Canada’s victorious 1994 Dunhill Cup Team featured three British Columbia natives, marking the first time a Canadian golf team had advanced past the round-robin qualifying to taste victory at the prestigious Alfred Dunhill Cup in St. Andrews, Scotland.
Richmond resident Dave Barr was the top-ranked Canadian at 53rd on the US tour. Ray Stewart, from Abbotsford, had lost his all-exempt status on the PGA Tour yet was ranked sixth on the Canadian Summer Tour Order of Merit. Victoria’s Rick Gibson boasted a handful of international championships, winning more than $2 million on the Japanese PGA Tour.

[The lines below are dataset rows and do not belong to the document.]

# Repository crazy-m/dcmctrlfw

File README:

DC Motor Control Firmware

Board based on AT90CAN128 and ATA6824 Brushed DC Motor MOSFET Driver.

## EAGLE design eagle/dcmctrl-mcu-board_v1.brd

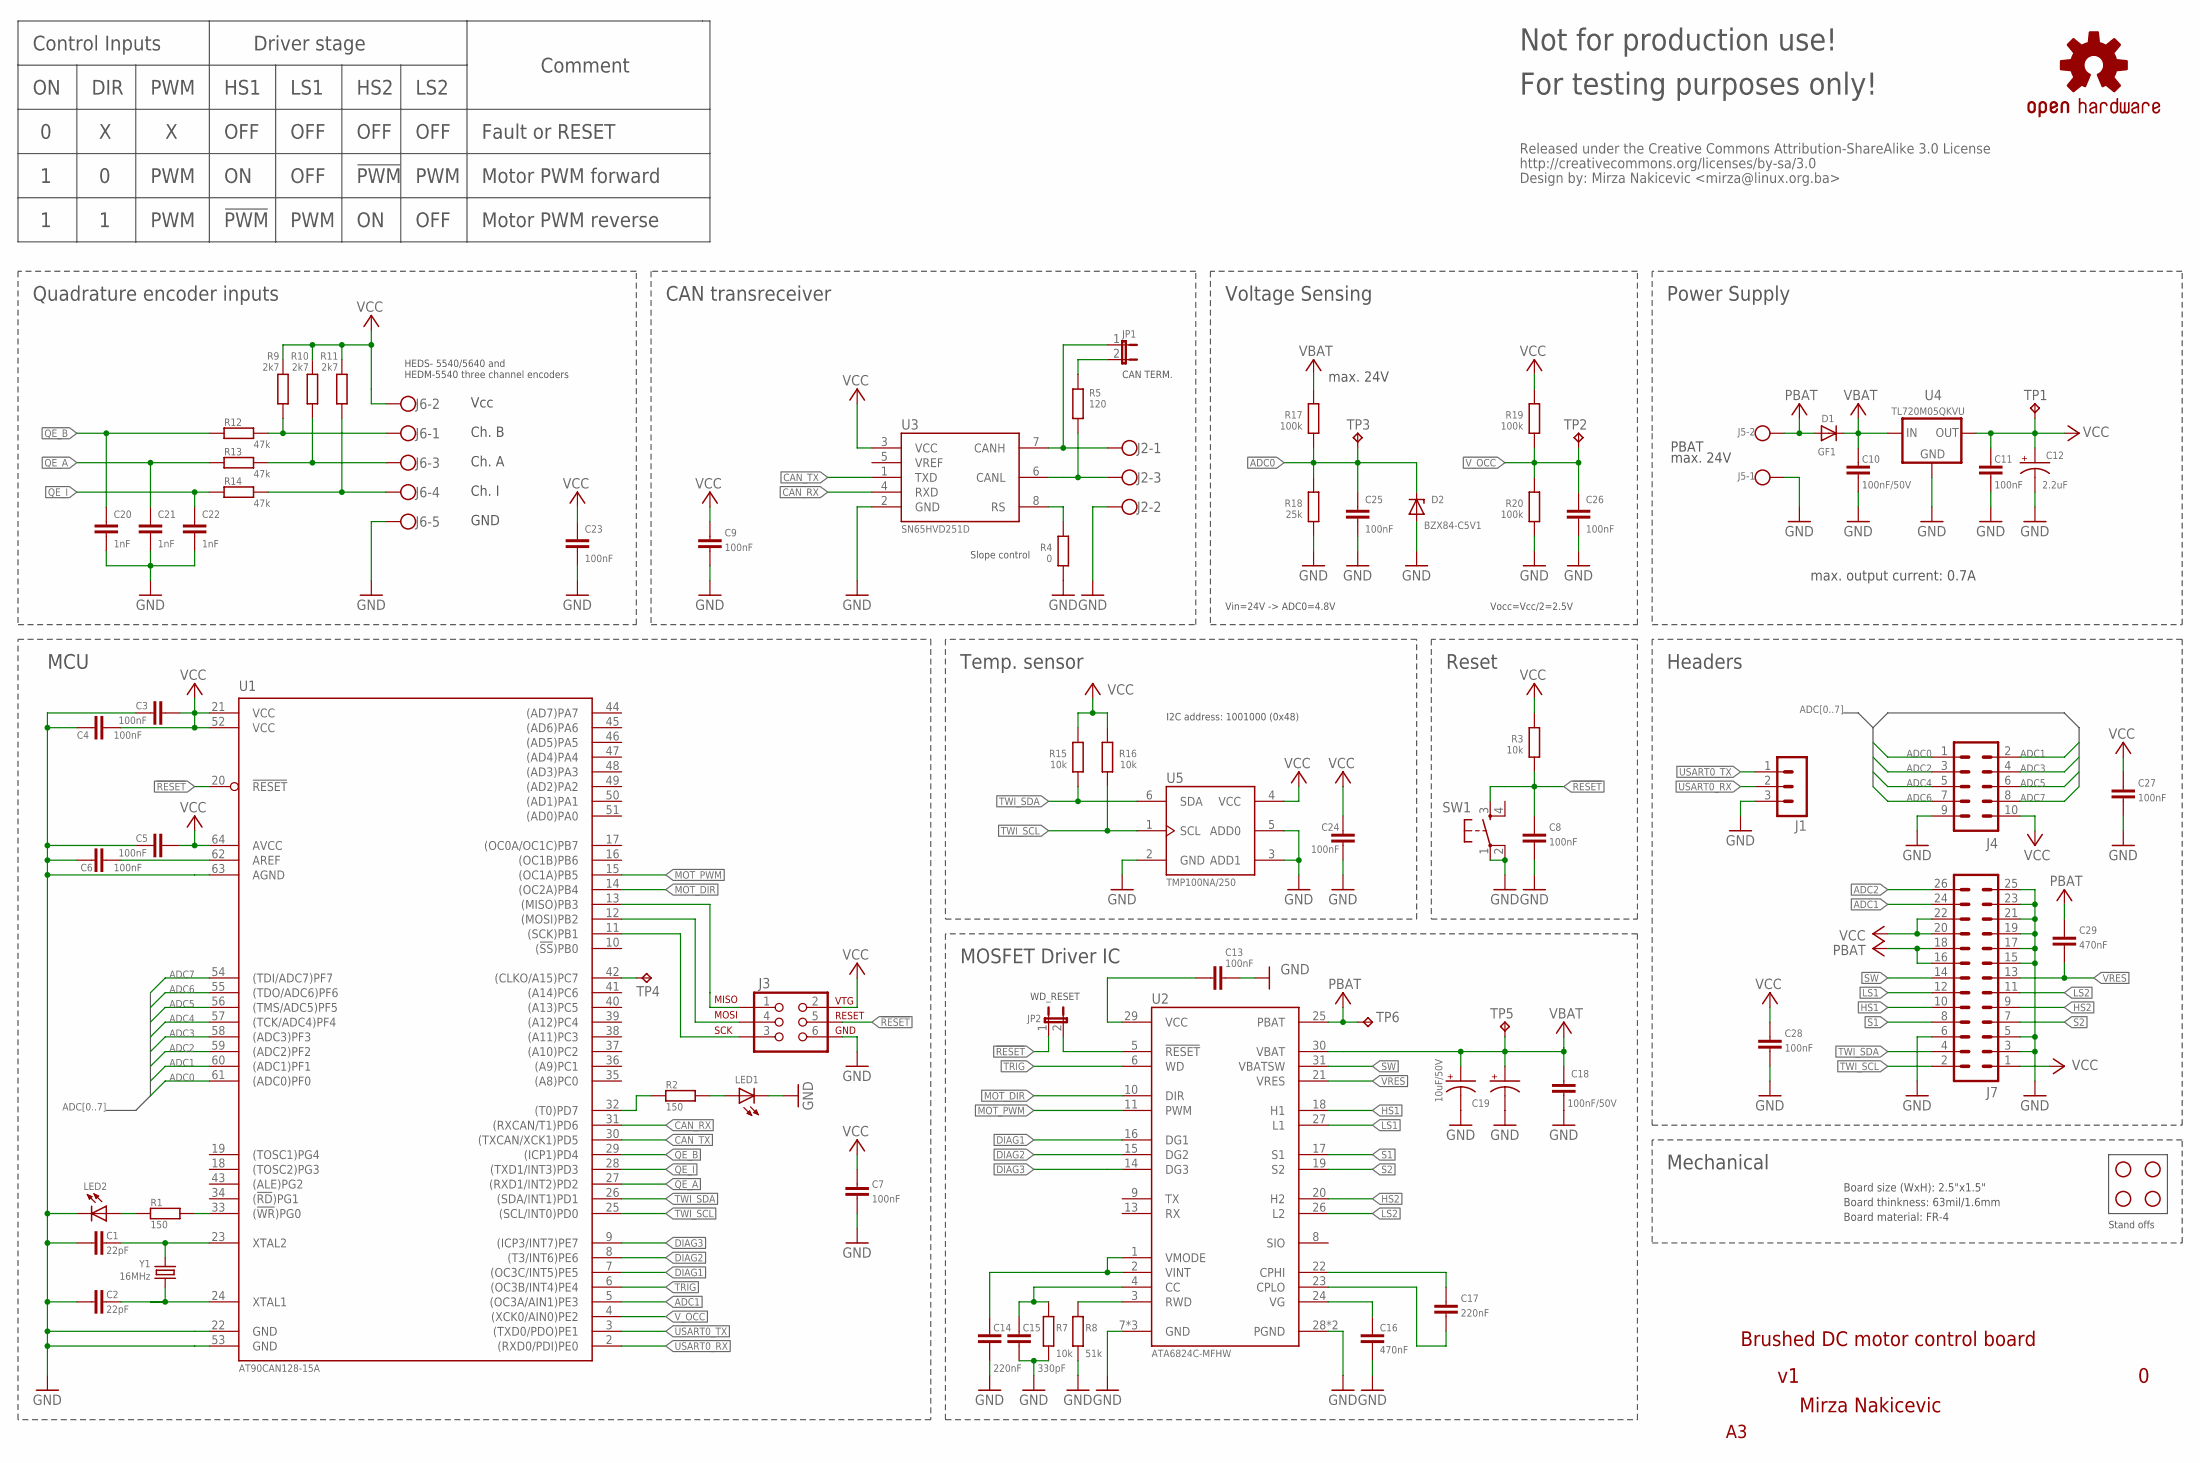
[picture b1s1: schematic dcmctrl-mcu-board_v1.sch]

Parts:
C1, C2: 22pF; C0603
C3, C4, C5, C6, C7, C8, C9, C11, C13, C23, C24, C25, C26, C27, C28: 100nF; C0603
C10, C18: 100nF/50V; C0603
C12: 2.2uF; EIA3216
C14, C17: 220nF; C0603
C15: 330pF; C0603
C16, C29: 470nF; C0603
C19: 10uF/50V; EIA3528
C20, C21, C22: 1nF; C0603
C999: 10uF/50V; RADIAL-1
D1: GF1; SMA-DO214AC
D2: BZX84-C5V1; TO236
J1: MA03-1
J2: BLOCK3-3.5-4UCON; 4UCON-20193
J3: AVR-ISP-6-100; 2X3-100
J4: MA05-2
J5: BLOCK2-3.5-4UCON; 4UCON-19963
J6: BLOCK5-3.5-4UCON; 4UCON-20223
J7: MA13-2
JP1: JUMPER-2PTH; 1X02
JP2: JUMPER-2SMD-NC; SJ_2S
LED1, LED2: LEDCHIPLED_0603; CHIPLED_0603
R1, R2: 150; R0603
R3, R7, R15, R16: 10k; R0603
R4: 0; R0603
R5: 120; R0805
R8: 51k; R0603
R9, R10, R11: 2k7; R0603
R12, R13, R14: 47k; R0603
R17, R19, R20: 100k; R0603
R18: 25k; R0603
SW1: TAC_SWITCHPTH; TACTILE-PTH
TP1, TP2, TP3, TP4, TP5, TP6: TPB1,27; B1,27
U1: AT90CAN128-15A; TQFP64
U2: ATA6824C-MFHW; TPQFP32
U3: SN65HVD251D; SO-08
U4: TL720M05QKVU; D-PAK_TO252AA
U5: TMP100NA/250; SOT23-6L
U$1, U$2, U$3, U$4: STAND-OFF
U$24: OSHW-LOGOM; OSHW-LOGO-M
U$29: CC-SA
Y1: 16MHz; HC49U-V

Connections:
!RESET: C8.1, J3.5, JP2.1, R3.1, SW1.3, U1.20 (!RESET)
ADC0: C25.1, D2.C, J4.1, R17.1, R18.2, TP3.TP, U1.61 ((ADC0)PF0)
ADC1: J4.2, J7.24, U1.5 ((OC3A/AIN1)PE3), U1.60 ((ADC1)PF1)
ADC2: J4.3, J7.26, U1.59 ((ADC2)PF2)
ADC3: J4.4, U1.58 ((ADC3)PF3)
ADC4: J4.5, U1.57 ((TCK/ADC4)PF4)
ADC5: J4.6, U1.56 ((TMS/ADC5)PF5)
ADC6: J4.7, U1.55 ((TDO/ADC6)PF6)
ADC7: J4.8, U1.54 ((TDI/ADC7)PF7)
CAN_H: J2.1, JP1.1, U3.7 (CANH)
CAN_L: J2.3, R5.2, U3.6 (CANL)
CAN_RX: U1.31 ((RXCAN/T1)PD6), U3.4 (RXD)
CAN_TX: U1.30 ((TXCAN/XCK1)PD5), U3.1 (TXD)
DIAG1: U1.7 ((OC3C/INT5)PE5), U2.16 (DG1)
DIAG2: U1.8 ((T3/INT6)PE6), U2.15 (DG2)
DIAG3: U1.9 ((ICP3/INT7)PE7), U2.14 (DG3)
GND: C1.2, C2.2, C3.2, C4.2, C5.2, C6.2, C7.2, C8.2, C9.2, C10.2, C11.2, C12.C (-), C13.2, C14.2, C15.2, C16.2, C18.2, C19.C (-), C20.2, C21.2, C22.2, C23.2, C24.2, C25.2, C26.2, C27.2, C28.2, C999.2 (-), D2.A, J1.3, J2.2, J3.6, J4.9, J5.1, J6.5, J7.3, J7.5, J7.6, J7.15, J7.17, J7.19, J7.21, J7.23, J7.25, LED1.C, LED2.C, R4.1, R7.1, R8.1, R18.1, R20.1, SW1.1, SW1.2, U1.22 (GND), U1.53 (GND), U1.63 (AGND), U2.7 (GND), U2.12 (GND), U2.28 (PGND), U2.32 (GND), U2.33 (PGND), U3.2 (GND), U4.4 (GND), U5.2 (GND), U5.3 (ADD1), U5.5 (ADD0)
HS1: J7.10, U2.18 (H1)
HS2: J7.9, U2.20 (H2)
LS1: J7.12, U2.27 (L1)
LS2: J7.11, U2.26 (L2)
MOT_DIR: U1.14 ((OC2A)PB4), U2.10 (DIR)
MOT_PWM: U1.15 ((OC1A)PB5), U2.11 (PWM)
unnamed: C1.1, U1.23 (XTAL2), Y1.1
unnamed: C2.1, U1.24 (XTAL1), Y1.2
unnamed: R4.2, U3.8 (RS)
unnamed: JP1.2, R5.1
unnamed: R1.2, U1.33 ((!WR!)PG0)
unnamed: C15.1, R7.2, U2.4 (CC)
unnamed: J3.1, U1.13 ((MISO)PB3)
unnamed: R8.2, U2.3 (RWD)
unnamed: C14.1, U2.1 (VMODE), U2.2 (VINT)
unnamed: C16.1, U2.24 (VG)
unnamed: C17.2, U2.23 (CPLO)
unnamed: C17.1, U2.22 (CPHI)
unnamed: C6.1, U1.62 (AREF)
unnamed: J3.4, U1.12 ((MOSI)PB2)
unnamed: J3.3, U1.11 ((SCK)PB1)
unnamed: TP4.TP, U1.42 ((CLKO/A15)PC7)
unnamed: C13.1, U2.29 (VCC)
unnamed: LED2.A, R1.1
unnamed: R2.2, U1.32 ((T0)PD7)
unnamed: LED1.A, R2.1
PBAT: C29.1, D1.A, J5.2, J7.16, J7.18, TP6.TP, U2.25 (PBAT)
QE_A: C21.1, R13.1, U1.27 ((RXD1/INT2)PD2)
QE_A_IN: J6.3, R10.1, R13.2
QE_B: C20.1, R12.1, U1.29 ((ICP1)PD4)
QE_B_IN: J6.1, R9.1, R12.2
QE_I: C22.1, R14.1, U1.28 ((TXD1/INT3)PD3)
QE_I_IN: J6.4, R11.1, R14.2
S1: J7.8, U2.17 (S1)
S2: J7.7, U2.19 (S2)
SW: J7.14, U2.31 (VBATSW)
TRIG: U1.6 ((OC3B/INT4)PE4), U2.6 (WD)
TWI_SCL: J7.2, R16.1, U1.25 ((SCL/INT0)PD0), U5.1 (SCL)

Over four days in October 1994, the Canadians were confronted with players who ranked among the top-fifty in the world rankings for that year. Persevering through difficult weather conditions and howling winds, the Canadians were faced with the formidable American threesome for the championship: Fred Couples (ranked sixth), Tom Kite (ranked 22nd), and Curtis Strange (ranked 47th) who between them counted forty-seven US Tour victories. In the final, after Barr defeated Kite and Gibson lost to Strange, Stewart took the clinching match against Couples 71 to 72. He had birdied three of the first six holes while Couples made some early bogeys.
The threesome’s victory was a monumental feat against all odds and against formidable opponents. Their win was a stunning upset of major proportions by the unheralded Canadians, and a victory long remembered.
Team Members:
Dave Barr, Rick Gibson, Ray Stewart.